*** Opening Data ***

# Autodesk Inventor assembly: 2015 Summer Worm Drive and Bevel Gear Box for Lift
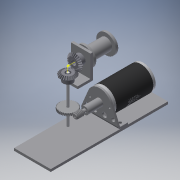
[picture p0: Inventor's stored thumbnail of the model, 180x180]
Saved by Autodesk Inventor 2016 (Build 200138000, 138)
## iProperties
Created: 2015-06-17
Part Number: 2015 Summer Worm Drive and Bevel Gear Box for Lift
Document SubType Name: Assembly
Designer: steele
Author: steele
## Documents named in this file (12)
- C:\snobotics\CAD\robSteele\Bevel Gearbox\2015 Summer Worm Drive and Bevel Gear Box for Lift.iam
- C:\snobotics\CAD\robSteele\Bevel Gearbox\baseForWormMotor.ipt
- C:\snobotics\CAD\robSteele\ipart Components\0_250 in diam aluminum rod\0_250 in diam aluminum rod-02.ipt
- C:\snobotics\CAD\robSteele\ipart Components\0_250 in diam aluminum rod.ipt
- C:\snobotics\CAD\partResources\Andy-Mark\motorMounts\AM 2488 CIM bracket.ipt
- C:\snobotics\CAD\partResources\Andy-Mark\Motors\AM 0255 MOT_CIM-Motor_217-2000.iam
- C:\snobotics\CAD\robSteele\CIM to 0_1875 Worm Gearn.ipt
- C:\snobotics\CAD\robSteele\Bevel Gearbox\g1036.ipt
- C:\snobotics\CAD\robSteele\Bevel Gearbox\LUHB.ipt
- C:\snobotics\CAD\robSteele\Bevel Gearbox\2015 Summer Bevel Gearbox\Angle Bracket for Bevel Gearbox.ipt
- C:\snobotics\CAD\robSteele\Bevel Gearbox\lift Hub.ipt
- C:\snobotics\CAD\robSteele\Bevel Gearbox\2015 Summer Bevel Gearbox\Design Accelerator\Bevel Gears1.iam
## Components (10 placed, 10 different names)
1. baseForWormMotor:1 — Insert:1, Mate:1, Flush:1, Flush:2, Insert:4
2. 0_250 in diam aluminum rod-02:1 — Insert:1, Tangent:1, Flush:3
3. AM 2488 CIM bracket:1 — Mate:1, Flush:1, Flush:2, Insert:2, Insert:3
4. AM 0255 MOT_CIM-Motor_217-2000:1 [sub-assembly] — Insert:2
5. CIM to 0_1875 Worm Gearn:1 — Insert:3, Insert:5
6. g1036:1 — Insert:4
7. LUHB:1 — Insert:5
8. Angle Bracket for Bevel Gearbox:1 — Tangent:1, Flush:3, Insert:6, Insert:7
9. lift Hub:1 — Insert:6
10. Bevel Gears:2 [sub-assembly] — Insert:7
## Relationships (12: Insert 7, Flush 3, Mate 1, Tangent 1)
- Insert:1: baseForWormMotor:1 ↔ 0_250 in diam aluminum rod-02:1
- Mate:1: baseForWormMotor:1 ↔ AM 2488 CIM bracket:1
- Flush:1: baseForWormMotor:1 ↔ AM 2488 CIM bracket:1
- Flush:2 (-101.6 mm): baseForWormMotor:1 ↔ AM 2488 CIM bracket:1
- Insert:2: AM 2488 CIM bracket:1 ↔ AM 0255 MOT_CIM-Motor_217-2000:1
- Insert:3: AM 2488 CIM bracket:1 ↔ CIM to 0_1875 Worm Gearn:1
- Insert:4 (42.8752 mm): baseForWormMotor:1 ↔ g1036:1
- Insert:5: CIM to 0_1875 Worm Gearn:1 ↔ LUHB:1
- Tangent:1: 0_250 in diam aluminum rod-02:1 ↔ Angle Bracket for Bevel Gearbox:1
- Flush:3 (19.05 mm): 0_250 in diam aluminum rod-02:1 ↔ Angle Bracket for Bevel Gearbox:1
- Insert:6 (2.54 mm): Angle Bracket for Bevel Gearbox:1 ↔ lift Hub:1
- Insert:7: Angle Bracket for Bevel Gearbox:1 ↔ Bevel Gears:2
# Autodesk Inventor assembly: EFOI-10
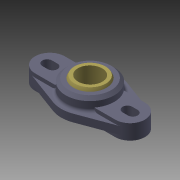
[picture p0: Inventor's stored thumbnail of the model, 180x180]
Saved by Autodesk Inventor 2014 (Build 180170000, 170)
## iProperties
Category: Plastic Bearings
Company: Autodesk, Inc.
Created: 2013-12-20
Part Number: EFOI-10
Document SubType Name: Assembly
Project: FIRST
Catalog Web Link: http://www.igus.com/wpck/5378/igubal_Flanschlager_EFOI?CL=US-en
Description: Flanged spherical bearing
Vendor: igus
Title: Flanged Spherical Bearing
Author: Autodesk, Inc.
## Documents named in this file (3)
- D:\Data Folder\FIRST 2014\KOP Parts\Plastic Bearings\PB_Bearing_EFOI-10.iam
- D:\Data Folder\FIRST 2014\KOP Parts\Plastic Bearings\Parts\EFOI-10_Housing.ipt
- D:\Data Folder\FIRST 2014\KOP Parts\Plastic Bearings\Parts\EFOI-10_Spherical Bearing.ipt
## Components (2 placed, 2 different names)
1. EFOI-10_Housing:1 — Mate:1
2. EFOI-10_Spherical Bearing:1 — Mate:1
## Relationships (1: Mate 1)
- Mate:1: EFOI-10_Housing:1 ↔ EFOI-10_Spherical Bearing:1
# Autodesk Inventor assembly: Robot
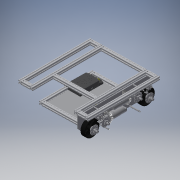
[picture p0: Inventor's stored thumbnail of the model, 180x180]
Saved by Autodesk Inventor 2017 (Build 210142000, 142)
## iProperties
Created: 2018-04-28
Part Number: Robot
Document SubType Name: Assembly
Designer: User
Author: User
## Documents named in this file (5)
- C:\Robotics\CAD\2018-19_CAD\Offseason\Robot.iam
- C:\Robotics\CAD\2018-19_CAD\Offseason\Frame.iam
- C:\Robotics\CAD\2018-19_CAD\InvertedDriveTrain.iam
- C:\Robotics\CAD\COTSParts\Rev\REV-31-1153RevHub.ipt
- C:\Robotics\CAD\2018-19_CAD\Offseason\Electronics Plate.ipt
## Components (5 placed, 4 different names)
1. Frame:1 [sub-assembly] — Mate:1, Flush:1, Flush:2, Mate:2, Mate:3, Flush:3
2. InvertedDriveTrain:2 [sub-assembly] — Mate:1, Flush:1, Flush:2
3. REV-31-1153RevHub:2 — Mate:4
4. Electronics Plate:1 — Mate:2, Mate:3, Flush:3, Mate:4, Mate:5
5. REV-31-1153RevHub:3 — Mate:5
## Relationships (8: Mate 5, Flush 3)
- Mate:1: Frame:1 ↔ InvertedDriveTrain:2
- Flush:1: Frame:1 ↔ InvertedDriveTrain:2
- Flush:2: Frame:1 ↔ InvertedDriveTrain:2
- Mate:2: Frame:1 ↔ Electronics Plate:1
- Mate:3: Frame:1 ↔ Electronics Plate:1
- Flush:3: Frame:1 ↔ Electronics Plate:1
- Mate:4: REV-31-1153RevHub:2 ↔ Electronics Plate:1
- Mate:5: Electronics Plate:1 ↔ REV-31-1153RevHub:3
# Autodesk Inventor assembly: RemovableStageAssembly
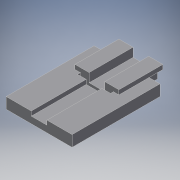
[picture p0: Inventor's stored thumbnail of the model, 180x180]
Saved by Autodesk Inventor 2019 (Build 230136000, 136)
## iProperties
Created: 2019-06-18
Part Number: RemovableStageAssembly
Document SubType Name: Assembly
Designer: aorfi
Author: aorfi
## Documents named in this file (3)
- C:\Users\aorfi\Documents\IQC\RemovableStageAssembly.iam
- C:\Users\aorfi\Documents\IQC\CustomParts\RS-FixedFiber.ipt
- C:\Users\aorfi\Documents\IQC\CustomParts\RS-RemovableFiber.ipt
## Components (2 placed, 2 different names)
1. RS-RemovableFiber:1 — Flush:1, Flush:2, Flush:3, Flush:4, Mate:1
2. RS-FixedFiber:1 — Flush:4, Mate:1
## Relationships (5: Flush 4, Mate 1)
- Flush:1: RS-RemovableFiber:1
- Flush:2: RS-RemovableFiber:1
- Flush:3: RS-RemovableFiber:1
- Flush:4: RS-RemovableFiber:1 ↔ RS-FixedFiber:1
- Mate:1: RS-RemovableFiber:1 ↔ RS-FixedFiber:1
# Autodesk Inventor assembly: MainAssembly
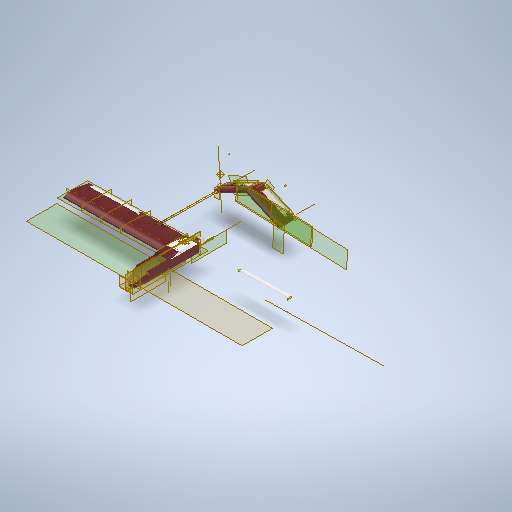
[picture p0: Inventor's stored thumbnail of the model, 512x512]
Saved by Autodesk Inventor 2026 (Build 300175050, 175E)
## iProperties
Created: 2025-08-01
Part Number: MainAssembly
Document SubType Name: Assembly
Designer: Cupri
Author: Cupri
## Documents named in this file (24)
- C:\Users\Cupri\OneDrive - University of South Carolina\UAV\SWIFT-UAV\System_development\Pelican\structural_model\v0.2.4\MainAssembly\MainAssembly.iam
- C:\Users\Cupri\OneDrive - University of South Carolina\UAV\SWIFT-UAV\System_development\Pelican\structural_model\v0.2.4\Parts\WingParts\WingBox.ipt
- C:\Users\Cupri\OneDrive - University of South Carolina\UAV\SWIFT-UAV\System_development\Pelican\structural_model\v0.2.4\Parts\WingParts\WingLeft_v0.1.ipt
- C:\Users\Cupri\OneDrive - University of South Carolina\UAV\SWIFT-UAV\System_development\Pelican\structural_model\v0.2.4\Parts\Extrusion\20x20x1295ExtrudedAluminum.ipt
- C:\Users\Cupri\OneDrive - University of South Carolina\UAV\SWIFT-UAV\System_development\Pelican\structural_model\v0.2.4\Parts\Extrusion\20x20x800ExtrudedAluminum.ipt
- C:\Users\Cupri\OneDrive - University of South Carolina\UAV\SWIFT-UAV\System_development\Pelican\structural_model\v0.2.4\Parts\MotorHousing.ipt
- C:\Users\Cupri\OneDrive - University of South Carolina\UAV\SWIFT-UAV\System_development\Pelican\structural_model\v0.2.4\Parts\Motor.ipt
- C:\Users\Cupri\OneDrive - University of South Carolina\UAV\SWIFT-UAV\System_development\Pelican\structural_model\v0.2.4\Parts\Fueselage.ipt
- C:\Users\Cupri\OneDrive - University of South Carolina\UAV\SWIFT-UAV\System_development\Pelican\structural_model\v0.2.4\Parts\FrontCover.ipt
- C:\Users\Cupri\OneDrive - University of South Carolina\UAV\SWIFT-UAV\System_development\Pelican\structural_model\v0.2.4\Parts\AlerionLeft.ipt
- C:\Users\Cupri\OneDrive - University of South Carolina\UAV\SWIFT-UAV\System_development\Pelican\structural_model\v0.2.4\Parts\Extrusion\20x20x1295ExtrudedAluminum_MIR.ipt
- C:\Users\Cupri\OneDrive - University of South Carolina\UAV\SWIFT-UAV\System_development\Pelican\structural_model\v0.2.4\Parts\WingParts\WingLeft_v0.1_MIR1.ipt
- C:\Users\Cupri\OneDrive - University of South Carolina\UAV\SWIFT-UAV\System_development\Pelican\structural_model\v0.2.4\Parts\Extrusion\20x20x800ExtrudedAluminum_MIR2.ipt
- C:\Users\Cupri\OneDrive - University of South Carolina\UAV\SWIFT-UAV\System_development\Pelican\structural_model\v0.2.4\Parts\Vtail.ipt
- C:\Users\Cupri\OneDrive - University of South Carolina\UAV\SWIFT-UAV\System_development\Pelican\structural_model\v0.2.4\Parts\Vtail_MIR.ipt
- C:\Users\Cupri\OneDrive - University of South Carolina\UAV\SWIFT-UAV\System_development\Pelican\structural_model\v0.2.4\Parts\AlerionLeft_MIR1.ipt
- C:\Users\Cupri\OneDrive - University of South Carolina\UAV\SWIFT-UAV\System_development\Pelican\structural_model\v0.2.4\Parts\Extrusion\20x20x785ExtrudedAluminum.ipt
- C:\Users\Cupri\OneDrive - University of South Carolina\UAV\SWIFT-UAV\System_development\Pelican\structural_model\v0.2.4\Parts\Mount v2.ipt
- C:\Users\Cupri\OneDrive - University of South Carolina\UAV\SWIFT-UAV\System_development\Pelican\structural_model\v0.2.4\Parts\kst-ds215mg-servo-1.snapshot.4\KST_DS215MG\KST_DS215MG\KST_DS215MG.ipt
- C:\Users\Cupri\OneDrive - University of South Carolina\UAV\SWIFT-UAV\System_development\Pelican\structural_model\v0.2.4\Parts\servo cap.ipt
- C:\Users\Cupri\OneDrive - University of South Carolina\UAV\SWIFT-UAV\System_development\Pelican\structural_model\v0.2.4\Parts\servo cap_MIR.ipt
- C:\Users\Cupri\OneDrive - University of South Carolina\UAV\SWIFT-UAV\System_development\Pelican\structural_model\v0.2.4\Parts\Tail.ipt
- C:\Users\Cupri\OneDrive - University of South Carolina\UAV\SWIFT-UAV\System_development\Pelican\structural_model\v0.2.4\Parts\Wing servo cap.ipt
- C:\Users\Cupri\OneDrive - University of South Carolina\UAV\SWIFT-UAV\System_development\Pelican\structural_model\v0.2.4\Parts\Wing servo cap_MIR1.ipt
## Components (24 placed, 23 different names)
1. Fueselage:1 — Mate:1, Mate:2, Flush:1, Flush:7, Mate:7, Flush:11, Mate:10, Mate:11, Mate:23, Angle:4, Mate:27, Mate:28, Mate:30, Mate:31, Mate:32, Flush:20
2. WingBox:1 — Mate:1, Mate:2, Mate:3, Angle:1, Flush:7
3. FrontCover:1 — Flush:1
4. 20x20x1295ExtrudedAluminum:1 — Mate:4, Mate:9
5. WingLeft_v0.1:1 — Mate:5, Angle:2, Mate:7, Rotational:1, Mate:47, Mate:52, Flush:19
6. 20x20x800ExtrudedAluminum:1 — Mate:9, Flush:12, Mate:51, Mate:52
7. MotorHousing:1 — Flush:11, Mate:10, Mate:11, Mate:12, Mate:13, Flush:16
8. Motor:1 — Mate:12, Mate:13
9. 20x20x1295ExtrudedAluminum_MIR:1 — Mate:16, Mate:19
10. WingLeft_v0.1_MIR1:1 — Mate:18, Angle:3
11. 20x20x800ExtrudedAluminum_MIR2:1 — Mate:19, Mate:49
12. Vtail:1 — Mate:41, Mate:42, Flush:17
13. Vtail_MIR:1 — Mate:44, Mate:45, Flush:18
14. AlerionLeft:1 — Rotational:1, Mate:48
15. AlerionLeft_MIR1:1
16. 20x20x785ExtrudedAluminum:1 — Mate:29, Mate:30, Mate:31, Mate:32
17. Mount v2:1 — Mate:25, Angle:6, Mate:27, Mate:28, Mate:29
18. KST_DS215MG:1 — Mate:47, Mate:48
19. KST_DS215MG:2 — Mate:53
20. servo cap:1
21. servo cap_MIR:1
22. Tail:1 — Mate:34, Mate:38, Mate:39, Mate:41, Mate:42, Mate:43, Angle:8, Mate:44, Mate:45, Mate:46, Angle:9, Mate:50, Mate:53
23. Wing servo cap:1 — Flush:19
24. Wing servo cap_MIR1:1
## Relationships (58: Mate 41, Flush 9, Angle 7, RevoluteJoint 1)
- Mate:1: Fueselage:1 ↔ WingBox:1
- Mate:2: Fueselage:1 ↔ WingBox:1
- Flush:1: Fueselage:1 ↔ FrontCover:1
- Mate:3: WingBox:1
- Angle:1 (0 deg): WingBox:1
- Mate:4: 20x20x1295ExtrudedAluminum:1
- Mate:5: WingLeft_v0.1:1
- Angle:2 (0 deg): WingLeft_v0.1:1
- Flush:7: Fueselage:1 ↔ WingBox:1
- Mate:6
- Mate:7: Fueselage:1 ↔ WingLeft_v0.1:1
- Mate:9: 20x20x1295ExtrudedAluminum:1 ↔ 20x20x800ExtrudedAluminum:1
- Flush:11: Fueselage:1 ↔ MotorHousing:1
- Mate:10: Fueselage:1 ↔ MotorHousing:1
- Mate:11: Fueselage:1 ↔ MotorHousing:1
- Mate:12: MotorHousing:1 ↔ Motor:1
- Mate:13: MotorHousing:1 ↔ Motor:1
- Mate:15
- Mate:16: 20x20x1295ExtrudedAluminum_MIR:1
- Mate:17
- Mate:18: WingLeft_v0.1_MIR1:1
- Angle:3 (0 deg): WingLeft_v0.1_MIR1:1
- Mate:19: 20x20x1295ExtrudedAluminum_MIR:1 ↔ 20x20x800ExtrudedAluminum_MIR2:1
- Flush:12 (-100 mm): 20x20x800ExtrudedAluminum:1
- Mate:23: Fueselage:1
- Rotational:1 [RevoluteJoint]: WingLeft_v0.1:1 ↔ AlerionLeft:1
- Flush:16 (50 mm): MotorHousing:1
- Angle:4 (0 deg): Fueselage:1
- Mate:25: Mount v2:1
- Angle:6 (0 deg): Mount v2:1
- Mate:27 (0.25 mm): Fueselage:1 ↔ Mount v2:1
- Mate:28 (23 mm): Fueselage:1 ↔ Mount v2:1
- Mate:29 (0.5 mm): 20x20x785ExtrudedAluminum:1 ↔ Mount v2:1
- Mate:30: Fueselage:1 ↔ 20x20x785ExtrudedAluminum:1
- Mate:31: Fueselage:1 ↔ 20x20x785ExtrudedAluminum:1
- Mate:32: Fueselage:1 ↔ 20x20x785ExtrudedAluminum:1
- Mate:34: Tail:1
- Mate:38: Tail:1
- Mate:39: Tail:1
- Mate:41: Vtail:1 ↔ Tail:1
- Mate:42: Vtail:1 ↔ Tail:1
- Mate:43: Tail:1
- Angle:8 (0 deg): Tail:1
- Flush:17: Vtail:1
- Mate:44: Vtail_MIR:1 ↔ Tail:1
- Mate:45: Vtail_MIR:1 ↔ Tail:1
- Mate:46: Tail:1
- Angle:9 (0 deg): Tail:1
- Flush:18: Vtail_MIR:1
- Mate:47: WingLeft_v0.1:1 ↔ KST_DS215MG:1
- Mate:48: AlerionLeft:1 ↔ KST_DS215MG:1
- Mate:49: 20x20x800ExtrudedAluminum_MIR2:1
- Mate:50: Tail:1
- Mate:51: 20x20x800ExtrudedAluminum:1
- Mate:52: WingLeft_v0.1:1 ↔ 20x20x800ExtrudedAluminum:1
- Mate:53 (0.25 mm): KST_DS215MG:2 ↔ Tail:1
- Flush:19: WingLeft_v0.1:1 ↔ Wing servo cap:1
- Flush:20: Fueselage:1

*** Closing Data ***

■ Work request
Each line holding "Saved" should be copied from the material above.

■ Result below
Saved by Autodesk Inventor 2016 (Build 200138000, 138)
Saved by Autodesk Inventor 2014 (Build 180170000, 170)
Saved by Autodesk Inventor 2017 (Build 210142000, 142)
Saved by Autodesk Inventor 2019 (Build 230136000, 136)
Saved by Autodesk Inventor 2026 (Build 300175050, 175E)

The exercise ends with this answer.